Abstract
Necrosis amplifies inflammation and plays important roles in acute respiratory distress syndrome (ARDS). Necroptosis is a newly identified programmed necrosis that is mediated by receptor interacting protein 3 (RIP3). However, the potential involvement and impact of necroptosis in lipopolysaccharide (LPS)-induced ARDS remains unknown. We therefore explored the role and mechanism of RIP3-mediated necroptosis in LPS-induced ARDS. Mice were instilled with increasing doses of LPS intratracheally to induce different degrees of ARDS. Lung tissues were harvested for histological and TUNEL staining and western blot for RIP3, p-RIP3, X-linked inhibitor of apoptosis protein (XIAP), mixed lineage kinase domain-like protein (MLKL), total and cleaved caspases-3/8. Then, wild-type and RIP3 knock-out mice were induced ARDS with 30 mg/kg LPS. Pulmonary cellular necrosis was labeled by the propidium Iodide (PI) staining.
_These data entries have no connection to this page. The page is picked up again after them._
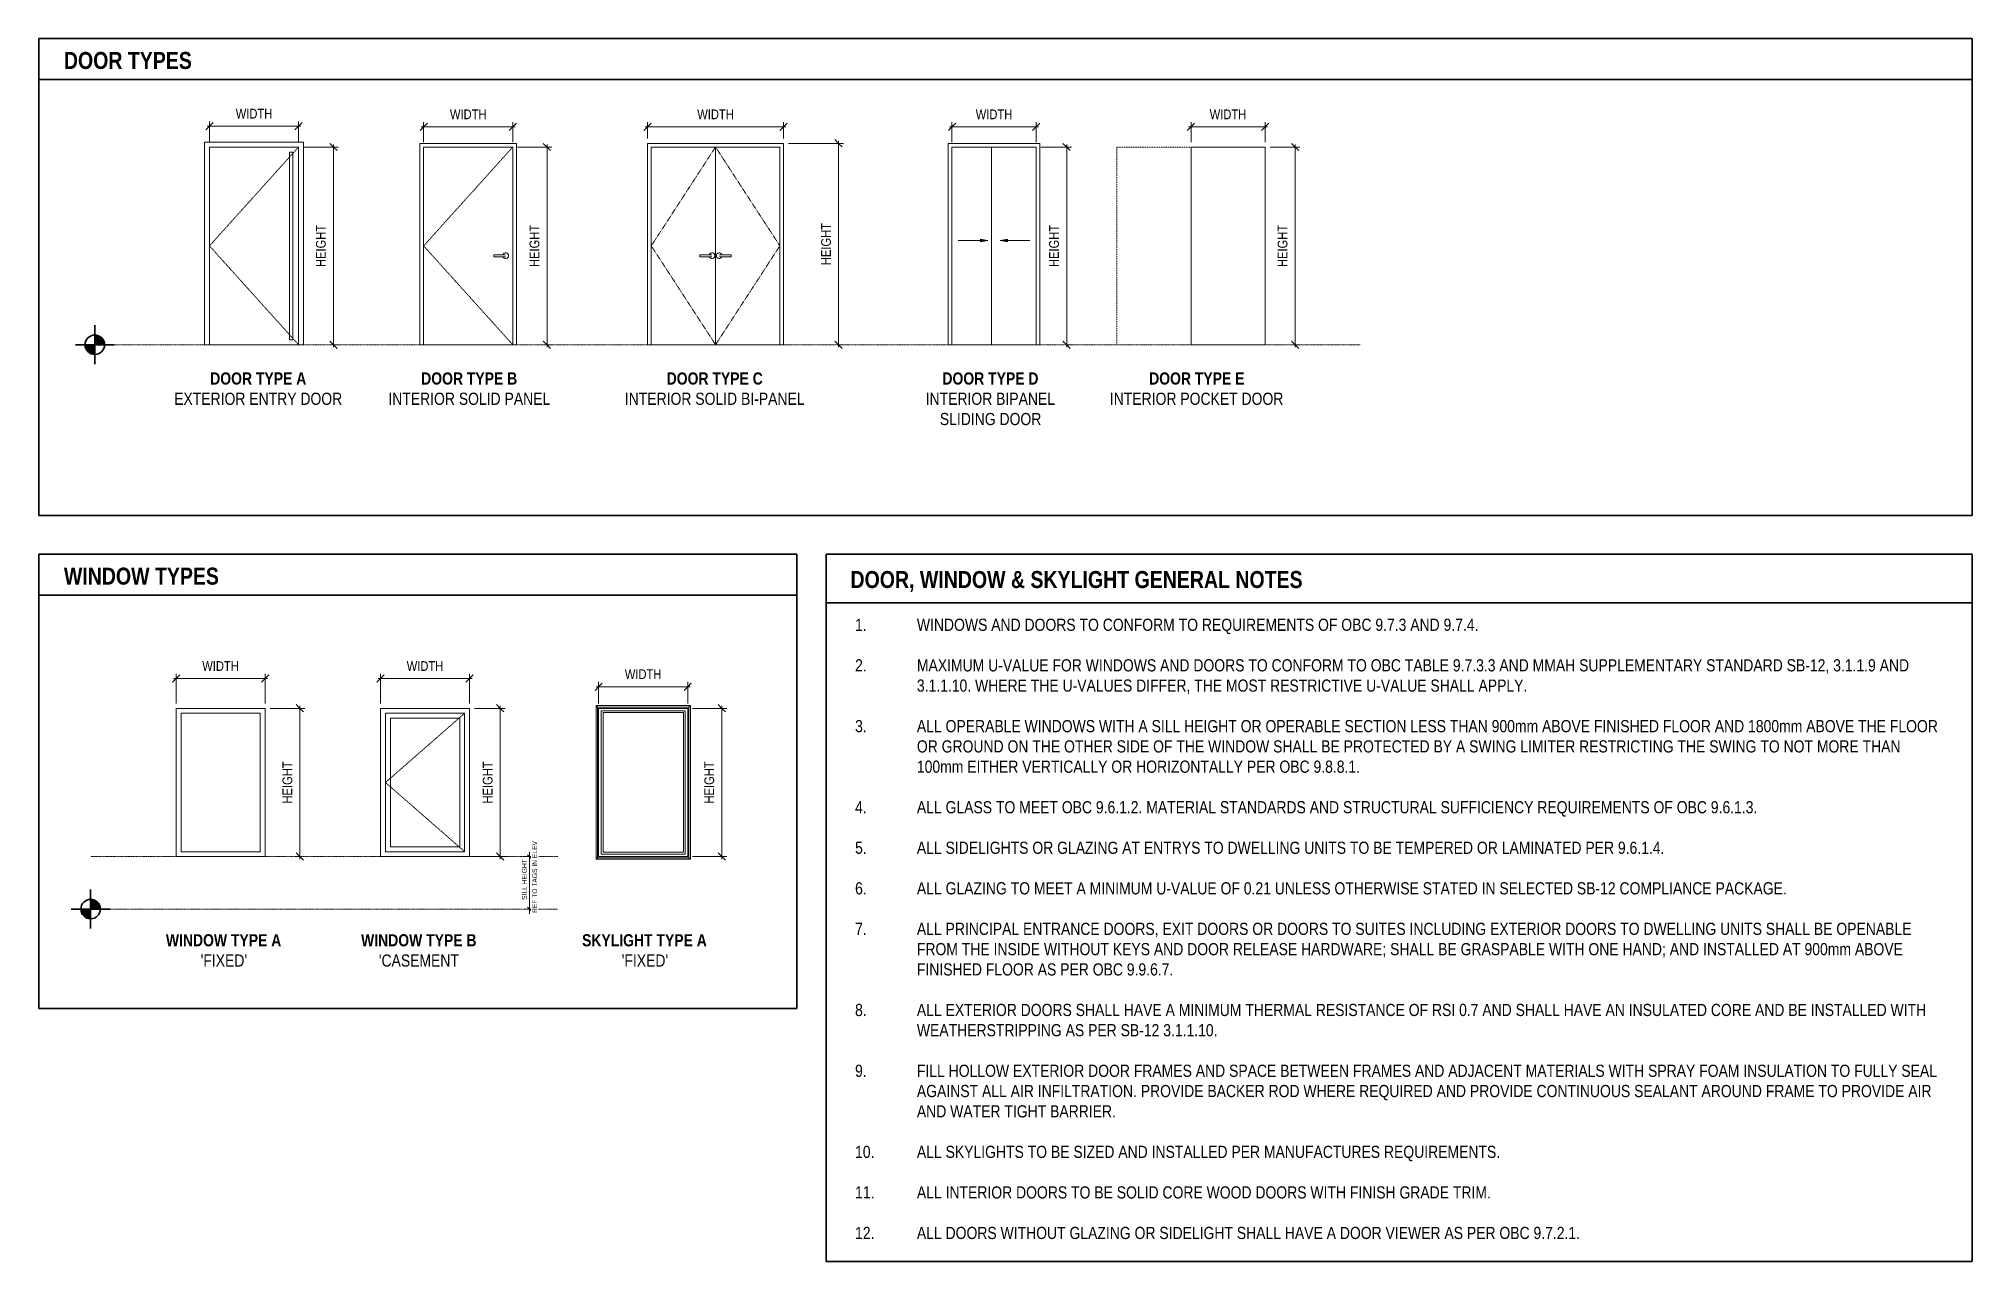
# Model space of a CAD drawing. Header units: millimetres. Extents: x -6778 to 13082, y -5897 to 6670.
import ezdxf

# ---------------------------------------------------------------- set-up
doc = ezdxf.new("R2010")
doc.units = ezdxf.units.MM
doc.linetypes.add('CMHC_Dash - Medium', pattern=[4, 2, -2])
doc.linetypes.add('CMHC_Dash - Small', pattern=[2, 1, -1])
for name, color, linetype, lineweight in [('A-ANNO-DIMS', 7, 'Continuous', 9), ('A-ANNO-DIMS-50', 7, 'Continuous', 9), ('A-ANNO-NOTE', 7, 'Continuous', 9), ('A-ANNO-NOTE-MEDM', 7, 'Continuous', 35), ('A-DETL-GENF', 7, 'Continuous', 18), ('A-DETL-HDLN', 7, 'CMHC_Dash - Medium', 18), ('A-DOOR', 7, 'Continuous', 18), ('A-DOOR-HDLN', 7, 'CMHC_Dash - Small', 18), ('A-GLAZ', 7, 'Continuous', 18), ('G-ANNO-TEXT', 7, 'Continuous', 9)]:
    doc.layers.add(name, color=color, linetype=linetype, lineweight=lineweight)
doc.layers.add('A-DETL', color=7, linetype='Continuous', lineweight=18, true_color=0x00a600)
doc.layers.add('A-GLAZ-HDLN', color=9, linetype='CMHC_Dash - Small', lineweight=18, true_color=0x808080)
doc.styles.add('Arial Narrow', font='ARIALN.TTF', dxfattribs={"height": 125})
doc.styles.add('Arial Narrow_1', font='ARIALN.TTF', dxfattribs={"height": 100})
doc.styles.add('Arial Narrow_2', font='ARIALN.TTF', dxfattribs={"height": 50})
doc.styles.add('Arial Narrow_B', font='ARIALNB.TTF', dxfattribs={"height": 175})
doc.styles.add('Arial Narrow_B_1', font='ARIALNB.TTF', dxfattribs={"height": 125})
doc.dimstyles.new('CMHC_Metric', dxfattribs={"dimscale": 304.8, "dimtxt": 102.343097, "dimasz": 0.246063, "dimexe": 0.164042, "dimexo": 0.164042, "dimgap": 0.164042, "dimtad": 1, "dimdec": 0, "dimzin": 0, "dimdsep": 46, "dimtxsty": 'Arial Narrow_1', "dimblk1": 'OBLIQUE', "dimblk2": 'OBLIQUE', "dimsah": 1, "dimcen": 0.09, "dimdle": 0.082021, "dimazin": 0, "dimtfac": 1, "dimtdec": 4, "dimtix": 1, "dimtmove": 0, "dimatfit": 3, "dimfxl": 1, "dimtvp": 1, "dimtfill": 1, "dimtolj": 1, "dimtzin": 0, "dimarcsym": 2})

Levels of TNF-a, Interleukin (IL)-1β, IL-6, IL-1α, IL-10 and HMGB1, tissue myeloperoxidase (MPO) activity, neutrophil counts and total protein concentration were measured. Results showed that in high dose LPS (30mg/kg and 40mg/kg) -induced severe ARDS, RIP3 protein was increased significantly, accompanied by increases of p-RIP3 and MLKL, while in low dose LPS (10mg/kg and 20mg/kg) -induced mild ARDS, apoptosis was remarkably increased. In LPS-induced severe ARDS, RIP3 knock-out alleviated the hypothermia symptom, increased survival rate and ameliorated the lung tissue injury RIP3 depletion also attenuated LPS-induced increase in IL-1α/β, IL-6 and HMGB1 release, decreased tissue MPO activity, and reduced neutrophil influx and total protein concentration in BALF in severe ARDS. Further, RIP3 depletion reduced the necrotic cells in the lung and decreased the expression of MLKL, but had no impact on cleaved caspase-3 in LPS-induced ARDS. It is concluded that RIP3-mediated necroptosis is a major mechanism of enhanced inflammation and lung tissue injury in high dose LPS- induced severe ARDS in mice.
Highlights
Acute respiratory distress syndrome (ARDS) is a devastating clinical syndrome with high mortality[1]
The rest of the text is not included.